RJFM Davao (DXDJ)

Davao City; Philippines;
- Broadcast area: Metro Davao and surrounding areas
- Frequency: 100.3 MHz
- Branding: 100.3 RJFM

Programming
- Language: English
- Format: Adult Hits
- Affiliations: BBC World Service; Voice of America;

Ownership
- Owner: Rajah Broadcasting Network; (Free Air Broadcasting Network, Inc.);

History
- First air date: 1987
- Former names: RJFM (1987–1996); Boss Radio (1996–1999); The Hive (1999–2003); Oldies Radio (2003–2008); Hit Radio (2008–2009);
- Call sign meaning: Don Fernando Jacinto, Ramon Jacinto's father

Technical information
- Licensing authority: NTC
- Power: 20,000 watts
- ERP: 25,000 watts

= DXDJ =

Radio station in Davao City, Philippines

DXDJ (100.3 FM) is a relay station of RJFM Manila, owned and operated by Rajah Broadcasting Network through its licensee Free Air Broadcasting Network, Inc.
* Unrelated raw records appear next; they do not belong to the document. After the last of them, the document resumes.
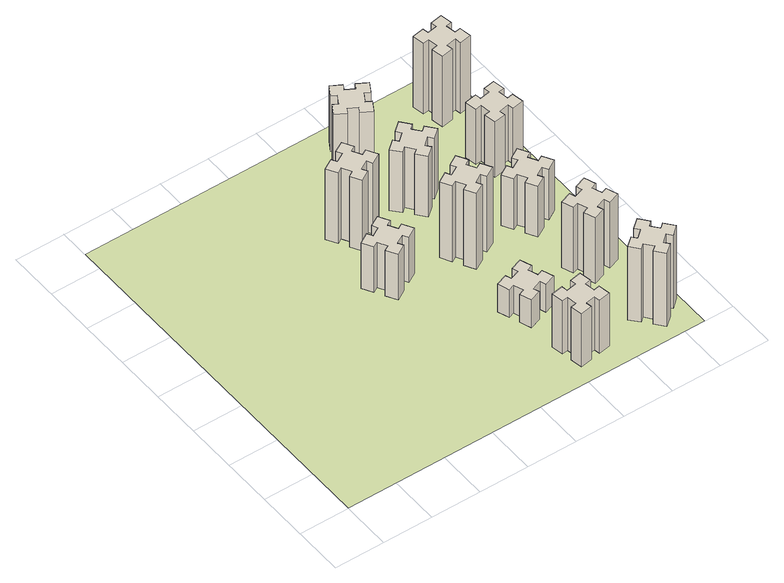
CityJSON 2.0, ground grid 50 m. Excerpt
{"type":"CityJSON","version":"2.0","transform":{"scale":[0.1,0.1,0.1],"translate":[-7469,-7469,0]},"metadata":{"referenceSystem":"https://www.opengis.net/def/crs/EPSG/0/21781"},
"CityObjects":{
"building1":{"type":"Building","attributes":{"class":"1000","function":"1000","usage":"1000","yearOfConstruction":2016,"roofType":"1000","measuredHeight":54,"storeysAboveGround":30,"storeysBelowGround":0},"geometry":[{"type":"Solid","lod":"1","boundaries":[[[[0,1,2,3,4,5,6,7,8,9,10,11,12,13,14,15,16,17,18,19]],[[17,16,20,21]],[[16,15,22,20]],[[15,14,23,22]],[[14,13,24,23]],[[13,12,25,24]],[[12,11,26,25]],[[11,10,27,26]],[[10,9,28,27]],[[9,8,29,28]],[[8,7,30,29]],[[7,6,31,30]],[[6,5,32,31]],[[5,4,33,32]],[[4,3,34,33]],[[3,2,35,34]],[[2,1,36,35]],[[1,0,37,36]],[[0,19,38,37]],[[19,18,39,38]],[[18,17,21,39]],[[24,25,26,27,28,29,30,31,32,33,34,35,36,37,38,39,21,20,22,23]]]]}]},
"building2":{"type":"Building","attributes":{"class":"1000","function":"1000","usage":"1000","yearOfConstruction":2016,"roofType":"1000","measuredHeight":84,"storeysAboveGround":30,"storeysBelowGround":0},"geometry":[{"type":"Solid","lod":"1","boundaries":[[[[40,41,42,43,44,45,46,47,48,49,50,51,52,53,54,55,56,57,58,59]],[[57,56,60,61]],[[56,55,62,60]],[[55,54,63,62]],[[54,53,64,63]],[[53,52,65,64]],[[52,51,66,65]],[[51,50,67,66]],[[50,49,68,67]],[[49,48,69,68]],[[48,47,70,69]],[[47,46,71,70]],[[46,45,72,71]],[[45,44,73,72]],[[44,43,74,73]],[[43,42,75,74]],[[42,41,76,75]],[[41,40,77,76]],[[40,59,78,77]],[[59,58,79,78]],[[58,57,61,79]],[[64,65,66,67,68,69,70,71,72,73,74,75,76,77,78,79,61,60,62,63]]]]}]},
"building3":{"type":"Building","attributes":{"class":"1000","function":"1000","usage":"1000","yearOfConstruction":2016,"roofType":"1000","measuredHeight":63,"storeysAboveGround":30,"storeysBelowGround":0},"geometry":[{"type":"Solid","lod":"1","boundaries":[[[[80,81,82,83,84,85,86,87,88,89,90,91,92,93,94,95,96,97,98,99]],[[97,96,100,101]],[[96,95,102,100]],[[95,94,103,102]],[[94,93,104,103]],[[93,92,105,104]],[[92,91,106,105]],[[91,90,107,106]],[[90,89,108,107]],[[89,88,109,108]],[[88,87,110,109]],[[87,86,111,110]],[[86,85,112,111]],[[85,84,113,112]],[[84,83,114,113]],[[83,82,115,114]],[[82,81,116,115]],[[81,80,117,116]],[[80,99,118,117]],[[99,98,119,118]],[[98,97,101,119]],[[104,105,106,107,108,109,110,111,112,113,114,115,116,117,118,119,101,100,102,103]]]]}]},
"building4":{"type":"Building","attributes":{"class":"1000","function":"1000","usage":"1000","yearOfConstruction":2016,"roofType":"1000","measuredHeight":33,"storeysAboveGround":30,"storeysBelowGround":0},"geometry":[{"type":"Solid","lod":"1","boundaries":[[[[120,121,122,123,124,125,126,127,128,129,130,131,132,133,134,135,136,137,138,139]],[[137,136,140,141]],[[136,135,142,140]],[[135,134,143,142]],[[134,133,144,143]],[[133,132,145,144]],[[132,131,146,145]],[[131,130,147,146]],[[130,129,148,147]],[[129,128,149,148]],[[128,127,150,149]],[[127,126,151,150]],[[126,125,152,151]],[[125,124,153,152]],[[124,123,154,153]],[[123,122,155,154]],[[122,121,156,155]],[[121,120,157,156]],[[120,139,158,157]],[[139,138,159,158]],[[138,137,141,159]],[[144,145,146,147,148,149,150,151,152,153,154,155,156,157,158,159,141,140,142,143]]]]}]},
"building5":{"type":"Building","attributes":{"class":"1000","function":"1000","usage":"1000","yearOfConstruction":2016,"roofType":"1000","measuredHeight":90,"storeysAboveGround":30,"storeysBelowGround":0},"geometry":[{"type":"Solid","lod":"1","boundaries":[[[[160,161,162,163,164,165,166,167,168,169,170,171,172,173,174,175,176,177,178,179]],[[177,176,180,181]],[[176,175,182,180]],[[175,174,183,182]],[[174,173,184,183]],[[173,172,185,184]],[[172,171,186,185]],[[171,170,187,186]],[[170,169,188,187]],[[169,168,189,188]],[[168,167,190,189]],[[167,166,191,190]],[[166,165,192,191]],[[165,164,193,192]],[[164,163,194,193]],[[163,162,195,194]],[[162,161,196,195]],[[161,160,197,196]],[[160,179,198,197]],[[179,178,199,198]],[[178,177,181,199]],[[184,185,186,187,188,189,190,191,192,193,194,195,196,197,198,199,181,180,182,183]]]]}]},
"building6":{"type":"Building","attributes":{"class":"1000","function":"1000","usage":"1000","yearOfConstruction":2016,"roofType":"1000","measuredHeight":72,"storeysAboveGround":30,"storeysBelowGround":0},"geometry":[{"type":"Solid","lod":"1","boundaries":[[[[200,201,202,203,204,205,206,207,208,209,210,211,212,213,214,215,216,217,218,219]],[[217,216,220,221]],[[216,215,222,220]],[[215,214,223,222]],[[214,213,224,223]],[[213,212,225,224]],[[212,211,226,225]],[[211,210,227,226]],[[210,209,228,227]],[[209,208,229,228]],[[208,207,230,229]],[[207,206,231,230]],[[206,205,232,231]],[[205,204,233,232]],[[204,203,234,233]],[[203,202,235,234]],[[202,201,236,235]],[[201,200,237,236]],[[200,219,238,237]],[[219,218,239,238]],[[218,217,221,239]],[[224,225,226,227,228,229,230,231,232,233,234,235,236,237,238,239,221,220,222,223]]]]}]},
"building7":{"type":"Building","attributes":{"class":"1000","function":"1000","usage":"1000","yearOfConstruction":2016,"roofType":"1000","measuredHeight":66,"storeysAboveGround":30,"storeysBelowGround":0},"geometry":[{"type":"Solid","lod":"1","boundaries":[[[[240,241,242,243,244,245,246,247,248,249,250,251,252,253,254,255,256,257,258,259]],[[257,256,260,261]],[[256,255,262,260]],[[255,254,263,262]],[[254,253,264,263]],[[253,252,265,264]],[[252,251,266,265]],[[251,250,267,266]],[[250,249,268,267]],[[249,248,269,268]],[[248,247,270,269]],[[247,246,271,270]],[[246,245,272,271]],[[245,244,273,272]],[[244,243,274,273]],[[243,242,275,274]],[[242,241,276,275]],[[241,240,277,276]],[[240,259,278,277]],[[259,258,279,278]],[[258,257,261,279]],[[264,265,266,267,268,269,270,271,272,273,274,275,276,277,278,279,261,260,262,263]]]]}]},
"building8":{"type":"Building","attributes":{"class":"1000","function":"1000","usage":"1000","yearOfConstruction":2016,"roofType":"1000","measuredHeight":87,"storeysAboveGround":30,"storeysBelowGround":0},"geometry":[{"type":"Solid","lod":"1","boundaries":[[[[280,281,282,283,284,285,286,287,288,289,290,291,292,293,294,295,296,297,298,299]],[[297,296,300,301]],[[296,295,302,300]],[[295,294,303,302]],[[294,293,304,303]],[[293,292,305,304]],[[292,291,306,305]],[[291,290,307,306]],[[290,289,308,307]],[[289,288,309,308]],[[288,287,310,309]],[[287,286,311,310]],[[286,285,312,311]],[[285,284,313,312]],[[284,283,314,313]],[[283,282,315,314]],[[282,281,316,315]],[[281,280,317,316]],[[280,299,318,317]],[[299,298,319,318]],[[298,297,301,319]],[[304,305,306,307,308,309,310,311,312,313,314,315,316,317,318,319,301,300,302,303]]]]}]},
"building9":{"type":"Building","attributes":{"class":"1000","function":"1000","usage":"1000","yearOfConstruction":2016,"roofType":"1000","measuredHeight":78,"storeysAboveGround":30,"storeysBelowGround":0},"geometry":[{"type":"Solid","lod":"1","boundaries":[[[[320,321,322,323,324,325,326,327,328,329,330,331,332,333,334,335,336,337,338,339]],[[337,336,340,341]],[[336,335,342,340]],[[335,334,343,342]],[[334,333,344,343]],[[333,332,345,344]],[[332,331,346,345]],[[331,330,347,346]],[[330,329,348,347]],[[329,328,349,348]],[[328,327,350,349]],[[327,326,351,350]],[[326,325,352,351]],[[325,324,353,352]],[[324,323,354,353]],[[323,322,355,354]],[[322,321,356,355]],[[321,320,357,356]],[[320,339,358,357]],[[339,338,359,358]],[[338,337,341,359]],[[344,345,346,347,348,349,350,351,352,353,354,355,356,357,358,359,341,340,342,343]]]]}]},
"building10":{"type":"Building","attributes":{"class":"1000","function":"1000","usage":"1000","yearOfConstruction":2016,"roofType":"1000","measuredHeight":60,"storeysAboveGround":30,"storeysBelowGround":0},"geometry":[{"type":"Solid","lod":"1","boundaries":[[[[360,361,362,363,364,365,366,367,368,369,370,371,372,373,374,375,376,377,378,379]],[[377,376,380,381]],[[376,375,382,380]],[[375,374,383,382]],[[374,373,384,383]],[[373,372,385,384]],[[372,371,386,385]],[[371,370,387,386]],[[370,369,388,387]],[[369,368,389,388]],[[368,367,390,389]],[[367,366,391,390]],[[366,365,392,391]],[[365,364,393,392]],[[364,363,394,393]],[[363,362,395,394]],[[362,361,396,395]],[[361,360,397,396]],[[360,379,398,397]],[[379,378,399,398]],[[378,377,381,399]],[[384,385,386,387,388,389,390,391,392,393,394,395,396,397,398,399,381,380,382,383]]]]}]},
"building11":{"type":"Building","attributes":{"class":"1000","function":"1000","usage":"1000","yearOfConstruction":2016,"roofType":"1000","measuredHeight":66,"storeysAboveGround":30,"storeysBelowGround":0},"geometry":[{"type":"Solid","lod":"1","boundaries":[[[[400,401,402,403,404,405,406,407,408,409,410,411,412,413,414,415,416,417,418,419]],[[417,416,420,421]],[[416,415,422,420]],[[415,414,423,422]],[[414,413,424,423]],[[413,412,425,424]],[[412,411,426,425]],[[411,410,427,426]],[[410,409,428,427]],[[409,408,429,428]],[[408,407,430,429]],[[407,406,431,430]],[[406,405,432,431]],[[405,404,433,432]],[[404,403,434,433]],[[403,402,435,434]],[[402,401,436,435]],[[401,400,437,436]],[[400,419,438,437]],[[419,418,439,438]],[[418,417,421,439]],[[424,425,426,427,428,429,430,431,432,433,434,435,436,437,438,439,421,420,422,423]]]]}]},
"building12":{"type":"Building","attributes":{"class":"1000","function":"1000","usage":"1000","yearOfConstruction":2016,"roofType":"1000","measuredHeight":84,"storeysAboveGround":30,"storeysBelowGround":0},"geometry":[{"type":"Solid","lod":"1","boundaries":[[[[440,441,442,443,444,445,446,447,448,449,450,451,452,453,454,455,456,457,458,459]],[[457,456,460,461]],[[456,455,462,460]],[[455,454,463,462]],[[454,453,464,463]],[[453,452,465,464]],[[452,451,466,465]],[[451,450,467,466]],[[450,449,468,467]],[[449,448,469,468]],[[448,447,470,469]],[[447,446,471,470]],[[446,445,472,471]],[[445,444,473,472]],[[444,443,474,473]],[[443,442,475,474]],[[442,441,476,475]],[[441,440,477,476]],[[440,459,478,477]],[[459,458,479,478]],[[458,457,461,479]],[[464,465,466,467,468,469,470,471,472,473,474,475,476,477,478,479,461,460,462,463]]]]}]},
"landuse1":{"type":"LandUse","attributes":{"name":"plot1","function":"1010"},"geometry":[{"type":"MultiSurface","lod":"1","boundaries":[[[480,481,482,483]]]}]}
},
"vertices":[
[1844,2076,0],[1757,2026,0],[1727,2078,0],[1623,2018,0],[1683,1914,0],[1735,1944,0],[1785,1857,0],[1733,1827,0],[1793,1723,0],[1897,1783,0],[1867,1835,0],[1954,1885,0],[1984,1833,0],[2088,1893,0],[2028,1997,0],[1976,1967,0],[1926,2054,0],[1978,2084,0],[1918,2188,0],[1814,2128,0],[1926,2054,540],[1978,2084,540],[1976,1967,540],[2028,1997,540],[2088,1893,540],[1984,1833,540],[1954,1885,540],[1867,1835,540],[1897,1783,540],[1793,1723,540],[1733,1827,540],[1785,1857,540],[1735,1944,540],[1683,1914,540],[1623,2018,540],[1727,2078,540],[1757,2026,540],[1844,2076,540],[1814,2128,540],[1918,2188,540],
[1967,2475,0],[2054,2525,0],[2084,2473,0],[2188,2533,0],[2128,2637,0],[2076,2607,0],[2026,2694,0],[2078,2724,0],[2018,2828,0],[1914,2768,0],[1944,2716,0],[1857,2666,0],[1827,2718,0],[1723,2658,0],[1783,2554,0],[1835,2584,0],[1885,2497,0],[1833,2467,0],[1893,2363,0],[1997,2423,0],[1885,2497,840],[1833,2467,840],[1835,2584,840],[1783,2554,840],[1723,2658,840],[1827,2718,840],[1857,2666,840],[1944,2716,840],[1914,2768,840],[2018,2828,840],[2078,2724,840],[2026,2694,840],[2076,2607,840],[2128,2637,840],[2188,2533,840],[2084,2473,840],[2054,2525,840],[1967,2475,840],[1997,2423,840],[1893,2363,840],
[2665,258,0],[2764,276,0],[2774,217,0],[2892,237,0],[2871,356,0],[2812,345,0],[2795,444,0],[2854,454,0],[2833,572,0],[2715,551,0],[2725,492,0],[2627,475,0],[2617,534,0],[2498,513,0],[2519,395,0],[2578,405,0],[2596,307,0],[2537,297,0],[2557,178,0],[2676,199,0],[2596,307,630],[2537,297,630],[2578,405,630],[2519,395,630],[2498,513,630],[2617,534,630],[2627,475,630],[2725,492,630],[2715,551,630],[2833,572,630],[2854,454,630],[2795,444,630],[2812,345,630],[2871,356,630],[2892,237,630],[2774,217,630],[2764,276,630],[2665,258,630],[2676,199,630],[2557,178,630],
[2716,1006,0],[2682,1100,0],[2738,1120,0],[2697,1233,0],[2584,1192,0],[2605,1136,0],[2511,1102,0],[2490,1158,0],[2377,1117,0],[2419,1004,0],[2475,1025,0],[2509,931,0],[2453,910,0],[2494,797,0],[2607,839,0],[2586,895,0],[2680,929,0],[2700,873,0],[2813,914,0],[2772,1027,0],[2680,929,330],[2700,873,330],[2586,895,330],[2607,839,330],[2494,797,330],[2453,910,330],[2509,931,330],[2475,1025,330],[2419,1004,330],[2377,1117,330],[2490,1158,330],[2511,1102,330],[2605,1136,330],[2584,1192,330],[2697,1233,330],[2738,1120,330],[2682,1100,330],[2716,1006,330],[2772,1027,330],[2813,914,330],
[2607,1735,0],[2694,1785,0],[2724,1733,0],[2828,1793,0],[2768,1897,0],[2716,1867,0],[2666,1954,0],[2718,1984,0],[2658,2088,0],[2554,2028,0],[2584,1976,0],[2497,1926,0],[2467,1978,0],[2363,1918,0],[2423,1814,0],[2475,1844,0],[2525,1757,0],[2473,1727,0],[2533,1623,0],[2637,1683,0],[2525,1757,900],[2473,1727,900],[2475,1844,900],[2423,1814,900],[2363,1918,900],[2467,1978,900],[2497,1926,900],[2584,1976,900],[2554,2028,900],[2658,2088,900],[2718,1984,900],[2666,1954,900],[2716,1867,900],[2768,1897,900],[2828,1793,900],[2724,1733,900],[2694,1785,900],[2607,1735,900],[2637,1683,900],[2533,1623,900],
[2563,2712,0],[2486,2647,0],[2448,2693,0],[2356,2616,0],[2433,2524,0],[2479,2563,0],[2543,2486,0],[2497,2448,0],[2574,2356,0],[2666,2433,0],[2628,2479,0],[2704,2543,0],[2743,2497,0],[2835,2574,0],[2758,2666,0],[2712,2628,0],[2647,2704,0],[2693,2743,0],[2616,2835,0],[2524,2758,0],[2647,2704,720],[2693,2743,720],[2712,2628,720],[2758,2666,720],[2835,2574,720],[2743,2497,720],[2704,2543,720],[2628,2479,720],[2666,2433,720],[2574,2356,720],[2497,2448,720],[2543,2486,720],[2479,2563,720],[2433,2524,720],[2356,2616,720],[2448,2693,720],[2486,2647,720],[2563,2712,720],[2524,2758,720],[2616,2835,720],
[2594,3406,0],[2507,3456,0],[2537,3508,0],[2433,3568,0],[2373,3464,0],[2425,3434,0],[2375,3347,0],[2323,3377,0],[2263,3273,0],[2367,3213,0],[2397,3265,0],[2484,3215,0],[2454,3163,0],[2558,3103,0],[2618,3207,0],[2566,3237,0],[2616,3324,0],[2668,3294,0],[2728,3398,0],[2624,3458,0],[2616,3324,660],[2668,3294,660],[2566,3237,660],[2618,3207,660],[2558,3103,660],[2454,3163,660],[2484,3215,660],[2397,3265,660],[2367,3213,660],[2263,3273,660],[2323,3377,660],[2375,3347,660],[2425,3434,660],[2373,3464,660],[2433,3568,660],[2537,3508,660],[2507,3456,660],[2594,3406,660],[2624,3458,660],[2728,3398,660],
[3468,259,0],[3544,323,0],[3583,277,0],[3675,354,0],[3598,446,0],[3552,408,0],[3487,484,0],[3533,523,0],[3456,615,0],[3364,538,0],[3403,492,0],[3326,427,0],[3288,473,0],[3196,396,0],[3273,304,0],[3319,343,0],[3383,266,0],[3337,228,0],[3414,136,0],[3506,213,0],[3383,266,870],[3337,228,870],[3319,343,870],[3273,304,870],[3196,396,870],[3288,473,870],[3326,427,870],[3403,492,870],[3364,538,870],[3456,615,870],[3533,523,870],[3487,484,870],[3552,408,870],[3598,446,870],[3675,354,870],[3583,277,870],[3544,323,870],[3468,259,870],[3506,213,870],[3414,136,870],
[3215,1125,0],[3249,1031,0],[3193,1010,0],[3234,897,0],[3347,939,0],[3326,995,0],[3420,1029,0],[3440,973,0],[3553,1014,0],[3512,1127,0],[3456,1106,0],[3422,1200,0],[3478,1220,0],[3437,1333,0],[3324,1292,0],[3345,1236,0],[3251,1202,0],[3230,1258,0],[3117,1217,0],[3159,1104,0],[3251,1202,780],[3230,1258,780],[3345,1236,780],[3324,1292,780],[3437,1333,780],[3478,1220,780],[3422,1200,780],[3456,1106,780],[3512,1127,780],[3553,1014,780],[3440,973,780],[3420,1029,780],[3326,995,780],[3347,939,780],[3234,897,780],[3193,1010,780],[3249,1031,780],[3215,1125,780],[3159,1104,780],[3117,1217,780],
[3224,1976,0],[3137,1926,0],[3107,1978,0],[3003,1918,0],[3063,1814,0],[3115,1844,0],[3165,1757,0],[3113,1727,0],[3173,1623,0],[3277,1683,0],[3247,1735,0],[3334,1785,0],[3364,1733,0],[3468,1793,0],[3408,1897,0],[3356,1867,0],[3306,1954,0],[3358,1984,0],[3298,2088,0],[3194,2028,0],[3306,1954,600],[3358,1984,600],[3356,1867,600],[3408,1897,600],[3468,1793,600],[3364,1733,600],[3334,1785,600],[3247,1735,600],[3277,1683,600],[3173,1623,600],[3113,1727,600],[3165,1757,600],[3115,1844,600],[3063,1814,600],[3003,1918,600],[3107,1978,600],[3137,1926,600],[3224,1976,600],[3194,2028,600],[3298,2088,600],
[3318,2625,0],[3336,2527,0],[3277,2517,0],[3297,2398,0],[3416,2419,0],[3405,2478,0],[3504,2496,0],[3514,2437,0],[3632,2457,0],[3611,2576,0],[3552,2565,0],[3535,2664,0],[3594,2674,0],[3573,2792,0],[3455,2771,0],[3465,2712,0],[3367,2695,0],[3357,2754,0],[3238,2733,0],[3259,2615,0],[3367,2695,660],[3357,2754,660],[3465,2712,660],[3455,2771,660],[3573,2792,660],[3594,2674,660],[3535,2664,660],[3552,2565,660],[3611,2576,660],[3632,2457,660],[3514,2437,660],[3504,2496,660],[3405,2478,660],[3416,2419,660],[3297,2398,660],[3277,2517,660],[3336,2527,660],[3318,2625,660],[3259,2615,660],[3238,2733,660],
[3552,3305,0],[3535,3404,0],[3594,3414,0],[3573,3532,0],[3455,3511,0],[3465,3452,0],[3367,3435,0],[3357,3494,0],[3238,3473,0],[3259,3355,0],[3318,3365,0],[3336,3267,0],[3277,3257,0],[3297,3138,0],[3416,3159,0],[3405,3218,0],[3504,3236,0],[3514,3177,0],[3632,3197,0],[3611,3316,0],[3504,3236,840],[3514,3177,840],[3405,3218,840],[3416,3159,840],[3297,3138,840],[3277,3257,840],[3336,3267,840],[3318,3365,840],[3259,3355,840],[3238,3473,840],[3357,3494,840],[3367,3435,840],[3465,3452,840],[3455,3511,840],[3573,3532,840],[3594,3414,840],[3535,3404,840],[3552,3305,840],[3611,3316,840],[3632,3197,840],
[5,3705,0],[3705,3705,0],[3705,5,0],[5,5,0]
]}

The station's relay transmitter is located at Broadcast Avenue, Shrine Hills, Matina, Davao City.

==History==
The station was established by Rajah Broadcasting Network in 1987 as RJFM. At that time, it aired an album rock format. In 1996, it changed its name to Boss Radio. In the middle of 2003, UMBN took over the station's operations and rebranded the station as 100.3 Oldies Radio with an oldies format, ranging from the 50s, 60s & some 70s. In 2008, it rebranded as Hit Radio and adjusted its music timeline, removing the 50s and adding more 70s & 80s to its playlist. In February 2009, as UMBN's blocktime agreement with the station expired, it became a relay station of Manila-based DZRJ-FM, known as RJFM. Meanwhile, UMBN transferred its operations to ACWS-UBN's DXKR-FM, which became 95.5 Hit Radio (now Retro 95.5).